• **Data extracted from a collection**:
━━━━━━━━━━━━━━━━━━━━

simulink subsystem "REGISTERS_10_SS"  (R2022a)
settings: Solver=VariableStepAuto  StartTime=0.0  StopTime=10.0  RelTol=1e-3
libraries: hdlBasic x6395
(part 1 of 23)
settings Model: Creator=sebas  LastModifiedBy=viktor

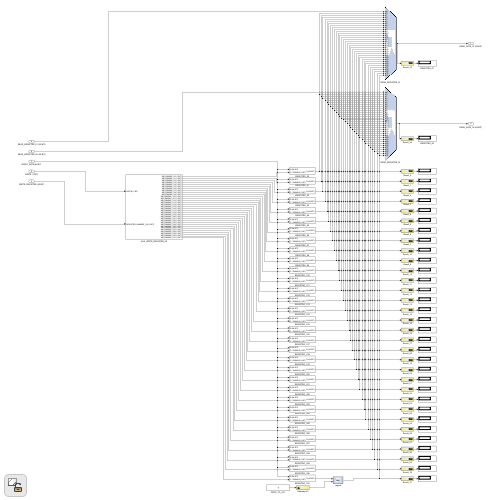
[thumbnail: Simulink's stored preview of the top-level diagram]
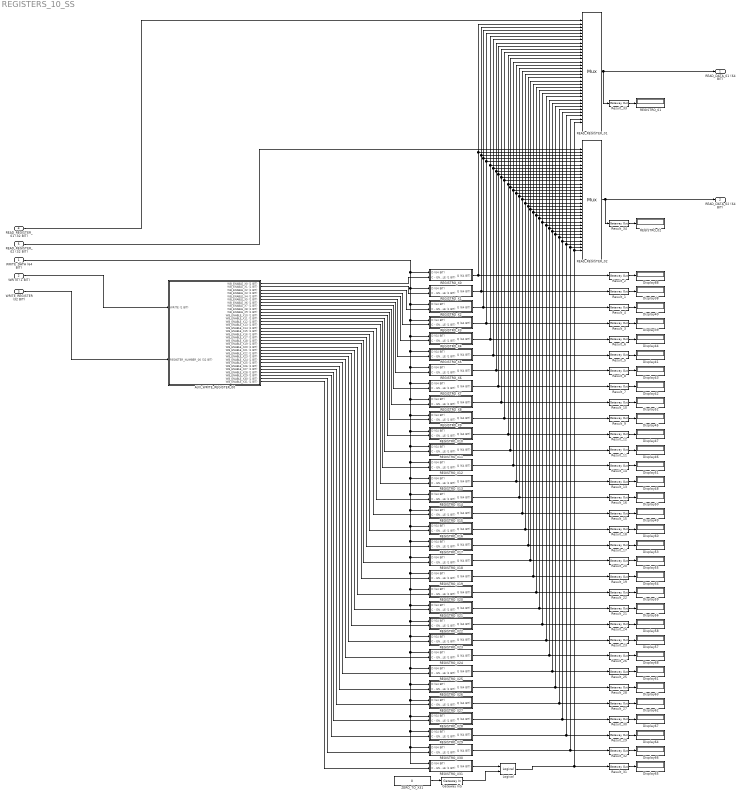
== system REGISTERS_10_SS ==
  WRITE_DATA (64 BIT) : Inport
  WRITE (1 BIT) : Inport  Port=2
  WRITE_REGISTER (32 BIT) : Inport  Port=3
  READ_REGISTER_01 (32 BIT) : Inport  Port=4
  READ_REGISTER_02 (32 BIT) : Inport  Port=5
  AUX_WRITE_REGISTER_00 : Subsystem
  Display{38..68,88} (32 alike) : Display
      settings: Format=decimal (Stored Integer)
  Gateway In5 : hdlBasic/Gateway In  gui_display_data_type=Fixed-point  arith_type=Signed (2's comp)  n_bits=64  bin_pt=0  preci_type=Single  exp_width=8  frac_width=24  rows=1  columns=1  quantization="Round  (unbiased: +/- Inf)"  overflow=Saturate  period=1  UseAsADC=off  ADCChannel='1'  interface=None  automatic_assignment=on  address_offset=hex2dec('00')  intf_name=''  intf_description=''  default_value=0  timing_constraint=None  locs_specified=off  LOCs={}  io_standard={}  inherit_from_input=off  hdl_port=on  XmcBlockStatus=1  maskContainerNames=group4  block_type=gatewayin  block_config=sysgen:gateway_in_config  block_width_w=590  block_height_w=620  block_width=640  block_height=850
  Logical : hdlBasic/Logical  logical_function=AND  inputs=2  en=off  latency=0  precision=Full  arith_type=Unsigned  n_bits=16  bin_pt=0  align_bp=on  overflow=[]  quantization=[]  XmcBlockStatus=1  maskContainerNames=tabcontainer1  block_type=logical  block_config=sysgen:Logical_config
  READ_REGISTER_01 : hdlBasic/Mux  inputs=32  en=off  latency=0  precision=Full  arith_type=Unsigned  n_bits=16  bin_pt=14  quantization=Truncate  overflow=Wrap  XmcBlockStatus=1  maskContainerNames=tabcontainer1  block_type=mux  block_config=sysgen:Mux_config
  READ_REGISTER_02 : hdlBasic/Mux  inputs=32  en=off  latency=0  precision=Full  arith_type=Unsigned  n_bits=16  bin_pt=14  quantization=Truncate  overflow=Wrap  XmcBlockStatus=1  maskContainerNames=tabcontainer1  block_type=mux  block_config=sysgen:Mux_config
  REGISTRO_01 : Display
      settings: Format=decimal (Stored Integer)
  REGISTRO_02 : Display
      settings: Format=decimal (Stored Integer)
  REGISTRO_X0 : Subsystem
  REGISTRO_X1 : Subsystem
  REGISTRO_X10 : Subsystem
  REGISTRO_X11 : Subsystem
  REGISTRO_X12 : Subsystem
  REGISTRO_X13 : Subsystem
  REGISTRO_X14 : Subsystem
  REGISTRO_X15 : Subsystem
  REGISTRO_X16 : Subsystem
  REGISTRO_X17 : Subsystem
  REGISTRO_X18 : Subsystem
  REGISTRO_X19 : Subsystem
  REGISTRO_X2 : Subsystem
  REGISTRO_X20 : Subsystem
  REGISTRO_X21 : Subsystem
  REGISTRO_X22 : Subsystem
  REGISTRO_X23 : Subsystem
  REGISTRO_X24 : Subsystem
  REGISTRO_X25 : Subsystem
  REGISTRO_X26 : Subsystem
  REGISTRO_X27 : Subsystem
  REGISTRO_X28 : Subsystem
  REGISTRO_X29 : Subsystem
  REGISTRO_X3 : Subsystem
  REGISTRO_X30 : Subsystem
  REGISTRO_X31 : Subsystem
  REGISTRO_X4 : Subsystem
  REGISTRO_X5 : Subsystem
  REGISTRO_X6 : Subsystem
  REGISTRO_X7 : Subsystem
  REGISTRO_X8 : Subsystem
  REGISTRO_X9 : Subsystem
  Result_{1..34} (34 alike) : hdlBasic/Gateway Out  inherit_from_input=off  hdl_port=on  rows=1  columns=1  UseAsDAC=off  DACChannel='1'  interface=None  automatic_assignment=on  address_offset=hex2dec('00')  intf_name=''  intf_description=''  timing_constraint=None  locs_specified=off  LOCs={}  io_standard={}  XmcBlockStatus=1  maskContainerNames=group4  block_type=gatewayout  block_config=sysgen:gateway_out_config  block_width_w=590  block_height_w=620  block_width=620  block_height=750
  ZERO_TO_X31 : Constant  Value=0
  READ_DATA_01 (64 BIT) : Outport
  READ_DATA_02 (64 BIT) : Outport  Port=2
  wires:
  REGISTRO_X11/1(Q (64 BIT)) -> Result_11/1, READ_REGISTER_02/13, READ_REGISTER_01/13
  AUX_WRITE_REGISTER_00/26(WB_ENABLE_X25 (1 BIT)) -> REGISTRO_X25/2(C - ENABLE (1 BIT))
  REGISTRO_X14/1(Q (64 BIT)) -> Result_16/1, READ_REGISTER_02/16, READ_REGISTER_01/16
  REGISTRO_X2/1(Q (64 BIT)) -> Result_4/1, READ_REGISTER_02/4, READ_REGISTER_01/4
  REGISTRO_X13/1(Q (64 BIT)) -> Result_13/1, READ_REGISTER_02/15, READ_REGISTER_01/15
  AUX_WRITE_REGISTER_00/10(WB_ENABLE_X9 (1 BIT)) -> REGISTRO_X9/2(C - ENABLE (1 BIT))
  REGISTRO_X1/1(Q (64 BIT)) -> Result_1/1, READ_REGISTER_02/3, READ_REGISTER_01/3
  AUX_WRITE_REGISTER_00/17(WB_ENABLE_X16 (1 BIT)) -> REGISTRO_X16/2(C - ENABLE (1 BIT))
  Result_7/1 -> Display42/1
  ZERO_TO_X31/1 -> Gateway In5/1
  Gateway In5/1 -> Logical/2
  REGISTRO_X8/1(Q (64 BIT)) -> Result_10/1, READ_REGISTER_02/10, READ_REGISTER_01/10
  AUX_WRITE_REGISTER_00/13(WB_ENABLE_X12 (1 BIT)) -> REGISTRO_X12/2(C - ENABLE (1 BIT))
  Result_28/1 -> Display63/1
  WRITE_DATA (64 BIT)/1 -> REGISTRO_X0/1(D (64 BIT)), REGISTRO_X1/1(D (64 BIT)), REGISTRO_X2/1(D (64 BIT)), REGISTRO_X3/1(D (64 BIT)), REGISTRO_X4/1(D (64 BIT)), REGISTRO_X30/1(D (64 BIT)), REGISTRO_X31/1(D (64 BIT)), REGISTRO_X29/1(D (64 BIT)), REGISTRO_X28/1(D (64 BIT)), REGISTRO_X27/1(D (64 BIT)), REGISTRO_X26/1(D (64 BIT)), REGISTRO_X25/1(D (64 BIT)), REGISTRO_X24/1(D (64 BIT)), REGISTRO_X23/1(D (64 BIT)), REGISTRO_X22/1(D (64 BIT)), REGISTRO_X21/1(D (64 BIT)), REGISTRO_X20/1(D (64 BIT)), REGISTRO_X19/1(D (64 BIT)), REGISTRO_X18/1(D (64 BIT)), REGISTRO_X17/1(D (64 BIT)), REGISTRO_X16/1(D (64 BIT)), REGISTRO_X15/1(D (64 BIT)), REGISTRO_X14/1(D (64 BIT)), REGISTRO_X13/1(D (64 BIT)), REGISTRO_X12/1(D (64 BIT)), REGISTRO_X11/1(D (64 BIT)), REGISTRO_X10/1(D (64 BIT)), REGISTRO_X9/1(D (64 BIT)), REGISTRO_X8/1(D (64 BIT)), REGISTRO_X7/1(D (64 BIT)), REGISTRO_X6/1(D (64 BIT)), REGISTRO_X5/1(D (64 BIT))
  Result_24/1 -> Display58/1
  AUX_WRITE_REGISTER_00/32(WB_ENABLE_X31 (1 BIT)) -> REGISTRO_X31/2(C - ENABLE (1 BIT))
  REGISTRO_X23/1(Q (64 BIT)) -> Result_23/1, READ_REGISTER_02/25, READ_REGISTER_01/25
  REGISTRO_X0/1(Q (64 BIT)) -> Result_2/1, READ_REGISTER_02/2, READ_REGISTER_01/2
  AUX_WRITE_REGISTER_00/21(WB_ENABLE_X20 (1 BIT)) -> REGISTRO_X20/2(C - ENABLE (1 BIT))
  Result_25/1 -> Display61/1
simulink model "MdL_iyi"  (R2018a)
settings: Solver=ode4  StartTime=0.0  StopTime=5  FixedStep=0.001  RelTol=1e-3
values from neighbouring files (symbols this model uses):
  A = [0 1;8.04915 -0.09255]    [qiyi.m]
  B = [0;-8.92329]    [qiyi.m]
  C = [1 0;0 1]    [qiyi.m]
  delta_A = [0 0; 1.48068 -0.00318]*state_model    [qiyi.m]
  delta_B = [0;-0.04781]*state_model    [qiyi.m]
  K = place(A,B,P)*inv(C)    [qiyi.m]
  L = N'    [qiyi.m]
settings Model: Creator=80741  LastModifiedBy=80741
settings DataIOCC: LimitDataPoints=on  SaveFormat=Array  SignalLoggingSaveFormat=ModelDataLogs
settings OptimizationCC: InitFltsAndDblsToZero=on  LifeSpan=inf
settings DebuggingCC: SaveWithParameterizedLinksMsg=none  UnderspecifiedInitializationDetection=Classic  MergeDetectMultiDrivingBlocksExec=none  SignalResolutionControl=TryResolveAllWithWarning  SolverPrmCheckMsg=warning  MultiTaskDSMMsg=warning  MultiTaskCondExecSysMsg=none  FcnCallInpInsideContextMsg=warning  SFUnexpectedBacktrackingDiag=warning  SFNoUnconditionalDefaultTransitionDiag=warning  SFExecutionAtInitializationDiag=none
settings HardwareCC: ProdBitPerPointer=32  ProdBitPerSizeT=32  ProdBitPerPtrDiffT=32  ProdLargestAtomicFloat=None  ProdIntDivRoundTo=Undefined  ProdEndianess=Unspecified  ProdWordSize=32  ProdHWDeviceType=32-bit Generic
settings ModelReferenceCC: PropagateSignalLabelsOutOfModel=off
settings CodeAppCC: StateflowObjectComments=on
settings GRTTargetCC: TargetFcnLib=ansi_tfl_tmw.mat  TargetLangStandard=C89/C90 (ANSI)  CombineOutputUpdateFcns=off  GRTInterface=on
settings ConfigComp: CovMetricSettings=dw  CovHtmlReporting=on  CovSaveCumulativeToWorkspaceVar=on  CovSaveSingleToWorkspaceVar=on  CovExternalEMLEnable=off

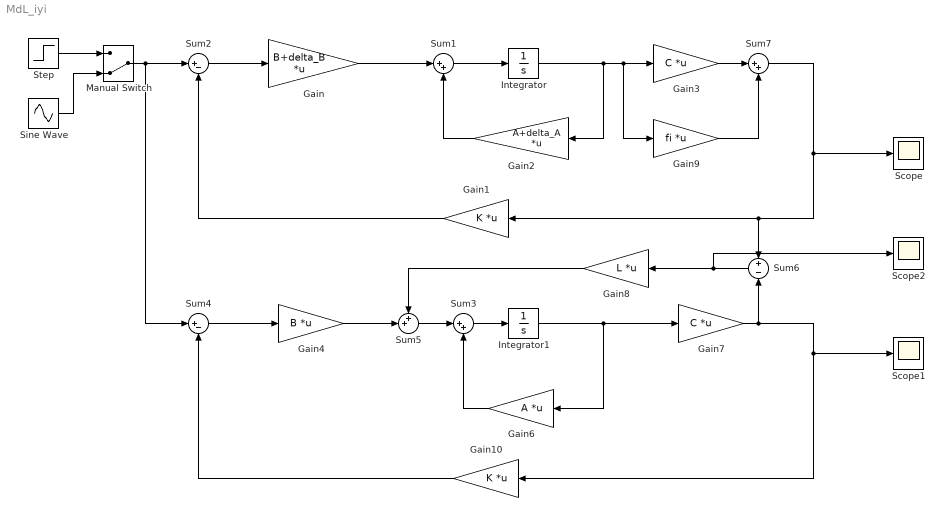
== system MdL_iyi ==
  Gain : Gain  Gain=B+delta_B  Multiplication=Matrix(K*u)
  Gain1 : Gain  Gain=K  Multiplication=Matrix(K*u)
  Gain10 : Gain  Gain=K  Multiplication=Matrix(K*u)
  Gain2 : Gain  Gain=A+delta_A  Multiplication=Matrix(K*u)
  Gain3 : Gain  Gain=C  Multiplication=Matrix(K*u)
  Gain4 : Gain  Gain=B  Multiplication=Matrix(K*u)
  Gain6 : Gain  Gain=A  Multiplication=Matrix(K*u)
  Gain7 : Gain  Gain=C  Multiplication=Matrix(K*u)
  Gain8 : Gain  Gain=L  Multiplication=Matrix(K*u)
  Gain9 : Gain  Gain=fi  Multiplication=Matrix(K*u)
  Integrator : Integrator  InitialCondition=[2;1]
  Integrator1 : Integrator
  Manual Switch : ManualSwitch  CurrentSetting=0
  Scope : Scope
  Scope1 : Scope
  Scope2 : Scope
  Sine Wave : Sin  SampleTime=0
  Step : Step  Time=0  SampleTime=0
  Sum1 : Sum  Inputs=|++
  Sum2 : Sum  Inputs=|+-
  Sum3 : Sum  Inputs=|++
  Sum4 : Sum  Inputs=|+-
  Sum5 : Sum  Inputs=++|
  Sum6 : Sum  Inputs=+-
  Sum7 : Sum  Inputs=|++
  wires:
  Manual Switch/1 -> Sum2/1, Sum4/1
  Gain/1 -> Sum1/1
  Sum1/1 -> Integrator/1
  Integrator/1 -> Gain2/1, Gain3/1, Gain9/1
  Sum2/1 -> Gain/1
  Sum3/1 -> Integrator1/1
  Integrator1/1 -> Gain7/1, Gain6/1
  Gain6/1 -> Sum3/2
  Sum4/1 -> Gain4/1
  Sum5/1 -> Sum3/1
  Sum7/1 -> Scope/1, Sum6/1, Gain1/1
  Step/1 -> Manual Switch/1
  Sine Wave/1 -> Manual Switch/2
  Gain2/1 -> Sum1/2
  Gain3/1 -> Sum7/1
  Gain4/1 -> Sum5/2
  Gain8/1 -> Sum5/1
  Gain1/1 -> Sum2/2
  Gain10/1 -> Sum4/2
  Sum6/1 -> Scope2/1, Gain8/1
  Gain7/1 -> Sum6/2, Scope1/1, Gain10/1
  Gain9/1 -> Sum7/2
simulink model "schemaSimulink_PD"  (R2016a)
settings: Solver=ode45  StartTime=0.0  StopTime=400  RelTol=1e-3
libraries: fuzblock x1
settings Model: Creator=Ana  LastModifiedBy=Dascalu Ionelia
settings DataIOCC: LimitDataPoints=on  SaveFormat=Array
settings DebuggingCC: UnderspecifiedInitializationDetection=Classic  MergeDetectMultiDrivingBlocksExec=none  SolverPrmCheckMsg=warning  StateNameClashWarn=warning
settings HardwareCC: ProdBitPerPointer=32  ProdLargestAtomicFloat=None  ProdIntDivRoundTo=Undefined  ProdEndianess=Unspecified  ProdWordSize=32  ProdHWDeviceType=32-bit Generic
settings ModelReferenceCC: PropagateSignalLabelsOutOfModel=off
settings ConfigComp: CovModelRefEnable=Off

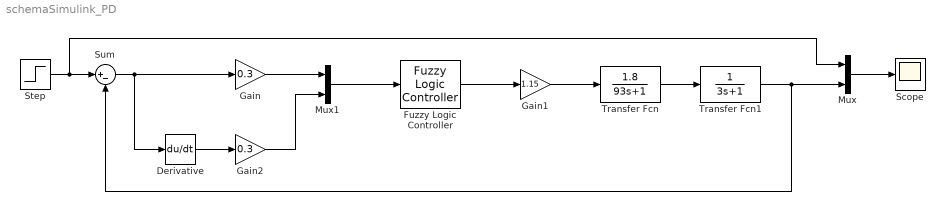
== system schemaSimulink_PD ==
  Derivative : Derivative
  Fuzzy Logic Controller : fuzblock/Fuzzy Logic  Controller  fis=Regulator_PD1
  Gain : Gain  Gain=0.3
  Gain1 : Gain  Gain=1.15
  Gain2 : Gain  Gain=0.3
  Mux : Mux  Inputs=2
  Mux1 : Mux  Inputs=2
  Scope : Scope
  Step : Step  Time=0  SampleTime=0
  Sum : Sum  Inputs=|+-
  Transfer Fcn : TransferFcn  Numerator=[1.8]  Denominator=[93 1]
  Transfer Fcn1 : TransferFcn  Denominator=[3 1]
  wires:
  Sum/1 -> Derivative/1, Gain/1
  Step/1 -> Mux/1, Sum/1
  Derivative/1 -> Gain2/1
  Gain/1 -> Mux1/1
  Gain2/1 -> Mux1/2
  Mux1/1 -> Fuzzy Logic Controller/1
  Fuzzy Logic Controller/1 -> Gain1/1
  Gain1/1 -> Transfer Fcn/1
  Mux/1 -> Scope/1
  Transfer Fcn/1 -> Transfer Fcn1/1
  Transfer Fcn1/1 -> Sum/2, Mux/2
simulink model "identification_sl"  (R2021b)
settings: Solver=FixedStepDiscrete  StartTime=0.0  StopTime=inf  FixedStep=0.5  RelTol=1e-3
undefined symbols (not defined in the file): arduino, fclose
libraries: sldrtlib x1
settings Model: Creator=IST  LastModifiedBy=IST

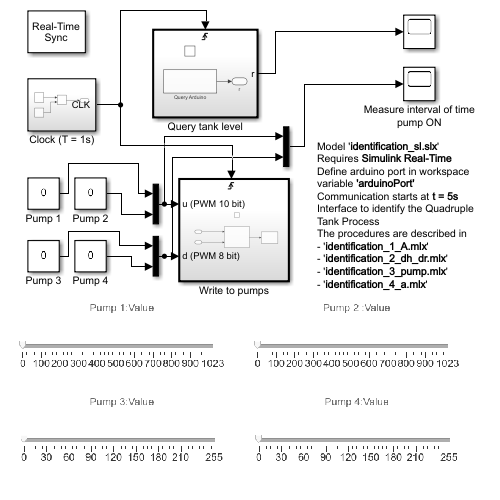
[thumbnail: Simulink's stored preview of the top-level diagram]
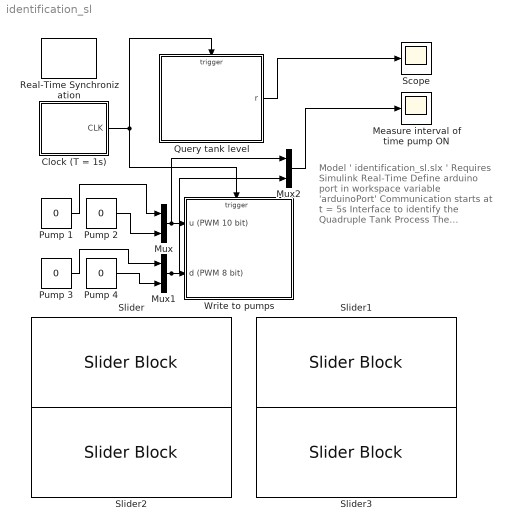
== system identification_sl ==
  note: Model ' identification_sl.slx '
      | Requires Simulink Real-Time
      | Define arduino port in workspace variable 'arduinoPort'
      | Communication starts at t = 5s
      | Interface to identify the Quadruple Tank Process
      | The procedures are described in
      | - ' identification_1_A.mlx '
      | - ' identification_2_dh_dr.mlx '
      | - ' identification_3_pump.mlx '
      | - ' identification_4_a.mlx '
  Clock (T = 1s) : Subsystem
  Measure interval of time pump ON : Scope
  Mux : Mux  Inputs=2
  Mux1 : Mux  Inputs=2
  Mux2 : Mux  Inputs=2
  Pump 1 : Constant  Value=0
  "Pump 2 " : Constant  Value=0
  Pump 3 : Constant  Value=0
  Pump 4 : Constant  Value=0
  Query tank level : Subsystem  Priority=1  InitFcn=|  StopFcn=fclose(arduino)
      | if exist('arduinoPort')
      | if ~isempty(instrfind)
      | fclose(instrfind);
      | delete(instrfind);
      | end
      | arduino = serial(arduinoPort,...
      |                 'BaudRate',9600,...
      |                 'ByteOrder','bigEndian',...
      |                 'DataBits',8,...
      |                 'StopBits',1,...
      |                 'Terminator','');
      | arduino.Parity = 'none';
      | fopen(arduino);
      | else
      | error("Error: Arduino port undefined. Define the port in workspace variable 'arduinoPort'.");
      | end
  Real-Time Synchronization : sldrtlib/Real-Time Synchronization  SampleTime=0.5  MaxMissedTicks=10  ShowMissedTicks=off  YieldWhenWaiting=off
  Scope : Scope
  Slider : SliderBlock  ScaleMax=1023
  Slider1 : SliderBlock  ScaleMax=1023
  Slider2 : SliderBlock  ScaleMax=255
  Slider3 : SliderBlock  ScaleMax=255
  Write to pumps : Subsystem  Priority=2
  wires:
  Mux1/1 -> Mux2/2, Write to pumps/2(d (PWM 8 bit))
  Query tank level/1(r) -> Scope/1
  Mux/1 -> Mux2/1, Write to pumps/1(u (PWM 10 bit))
  Pump 3/1 -> Mux1/1
  Pump 4/1 -> Mux1/2
  Clock (T = 1s)/1("CLK ") -> Write to pumps/Trigger, Query tank level/Trigger
  Pump 1/1 -> Mux/1
  "Pump 2 "/1 -> Mux/2
  Mux2/1 -> Measure interval of time pump ON/1

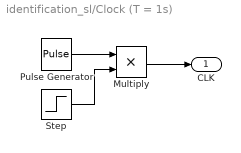
== system identification_sl/Clock (T = 1s) ==
  Multiply : Product
  Pulse Generator : DiscretePulseGenerator  PulseType=Time based  Period=1  PulseWidth=50
  Step : Step  Time=5  SampleTime=0
  "CLK " : Outport  VectorParamsAs1DForOutWhenUnconnected=off
  wires:
  Step/1 -> Multiply/2
  Pulse Generator/1 -> Multiply/1
  Multiply/1 -> "CLK "/1

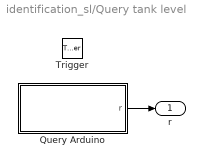
== system identification_sl/Query tank level ==
  Trigger : TriggerPort  VariantControl=Variant  PortDimensions=1
  Query Arduino : MATLAB Function  TreatAsAtomicUnit=on
  r : Outport  VectorParamsAs1DForOutWhenUnconnected=off
  wires:
  Query Arduino/1(r) -> r/1

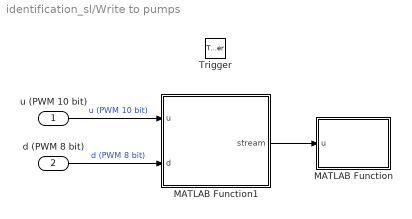
== system identification_sl/Write to pumps ==
  u (PWM 10 bit) : Inport
  d (PWM 8 bit) : Inport  Port=2
  Trigger : TriggerPort  VariantControl=Variant  PortDimensions=1
  MATLAB Function : MATLAB Function  TreatAsAtomicUnit=on
  MATLAB Function1 : MATLAB Function  TreatAsAtomicUnit=on
  wires:
  u (PWM 10 bit)/1 -> MATLAB Function1/1(u)  "u (PWM 10 bit)"
  d (PWM 8 bit)/1 -> MATLAB Function1/2(d)  "d (PWM 8 bit)"
  MATLAB Function1/1(stream) -> MATLAB Function/1(u)

== matlab function identification_sl/Write to pumps/MATLAB Function ==
  data: u input
function toArduino(u)
% Find arduino serial object
coder.extrinsic('instrfind'); 
persistent arduino;
if isempty(arduino)
    arduino = instrfind('Status','open','Baud',9600);
end
% Send metadata
fprintf(arduino, "#16");
% Send actuation inputs
fwrite(arduino,u,'uint16');
end

== matlab function identification_sl/Query tank level/Query Arduino ==
  data: r output
function r = queryArduino()
% Find arduino serial object
coder.extrinsic('instrfind'); 
persistent arduino;
if isempty(arduino)
    arduino = instrfind('Status','open','Baud',9600);
end

% Query arduino
fprintf(arduino, '$');
% Ignore metadata
fread(arduino,[4 1],'uint8');
% Read water-level data
aux = fread(arduino,[5 1],'uint16');
u = zeros(5,1);
u(5) = double(aux(5,1));
for i = 1:4
    u(i) = double(aux(i,1));
    u(i) = (u(5)-u(i))/u(i);
end
r = u(1:4);
end

== matlab function identification_sl/Write to pumps/MATLAB Function1 ==
  data: u input; stream output; d input
function stream = packPWM10bit(u,d)
    %% Saturation 
    u(u<0) = 0;
    u(u>2^10-1) =2^10-1;
    d(d<0) = 0;
    d(d>2^8-1) =2^8-1;
    %% Pack PWM 
    stream = uint16(zeros(3,1));
    % First two actuation pump signals of 10 bits are sent individually
    stream(1:2) = uint16(round(u)); 
    % Two disturbance pump signals of 8 bits are sent together as a 16 bit
    % uint16_t
    stream(3) = uint16(round(d(1))*2^8+round(d(2)));
end

━━━━━━━━━━━━━━━━━━━━

• **Goal of the exercise**:
Retype the lines above exactly as they appear, from the line containing "settings Model: Creator=Ana" through the line containing "Gain2/1 -> Mux1/2", and leave out any pictures.

• **Result**:
settings Model: Creator=Ana  LastModifiedBy=Dascalu Ionelia
settings DataIOCC: LimitDataPoints=on  SaveFormat=Array
settings DebuggingCC: UnderspecifiedInitializationDetection=Classic  MergeDetectMultiDrivingBlocksExec=none  SolverPrmCheckMsg=warning  StateNameClashWarn=warning
settings HardwareCC: ProdBitPerPointer=32  ProdLargestAtomicFloat=None  ProdIntDivRoundTo=Undefined  ProdEndianess=Unspecified  ProdWordSize=32  ProdHWDeviceType=32-bit Generic
settings ModelReferenceCC: PropagateSignalLabelsOutOfModel=off
settings ConfigComp: CovModelRefEnable=Off

== system schemaSimulink_PD ==
  Derivative : Derivative
  Fuzzy Logic Controller : fuzblock/Fuzzy Logic  Controller  fis=Regulator_PD1
  Gain : Gain  Gain=0.3
  Gain1 : Gain  Gain=1.15
  Gain2 : Gain  Gain=0.3
  Mux : Mux  Inputs=2
  Mux1 : Mux  Inputs=2
  Scope : Scope
  Step : Step  Time=0  SampleTime=0
  Sum : Sum  Inputs=|+-
  Transfer Fcn : TransferFcn  Numerator=[1.8]  Denominator=[93 1]
  Transfer Fcn1 : TransferFcn  Denominator=[3 1]
  wires:
  Sum/1 -> Derivative/1, Gain/1
  Step/1 -> Mux/1, Sum/1
  Derivative/1 -> Gain2/1
  Gain/1 -> Mux1/1
  Gain2/1 -> Mux1/2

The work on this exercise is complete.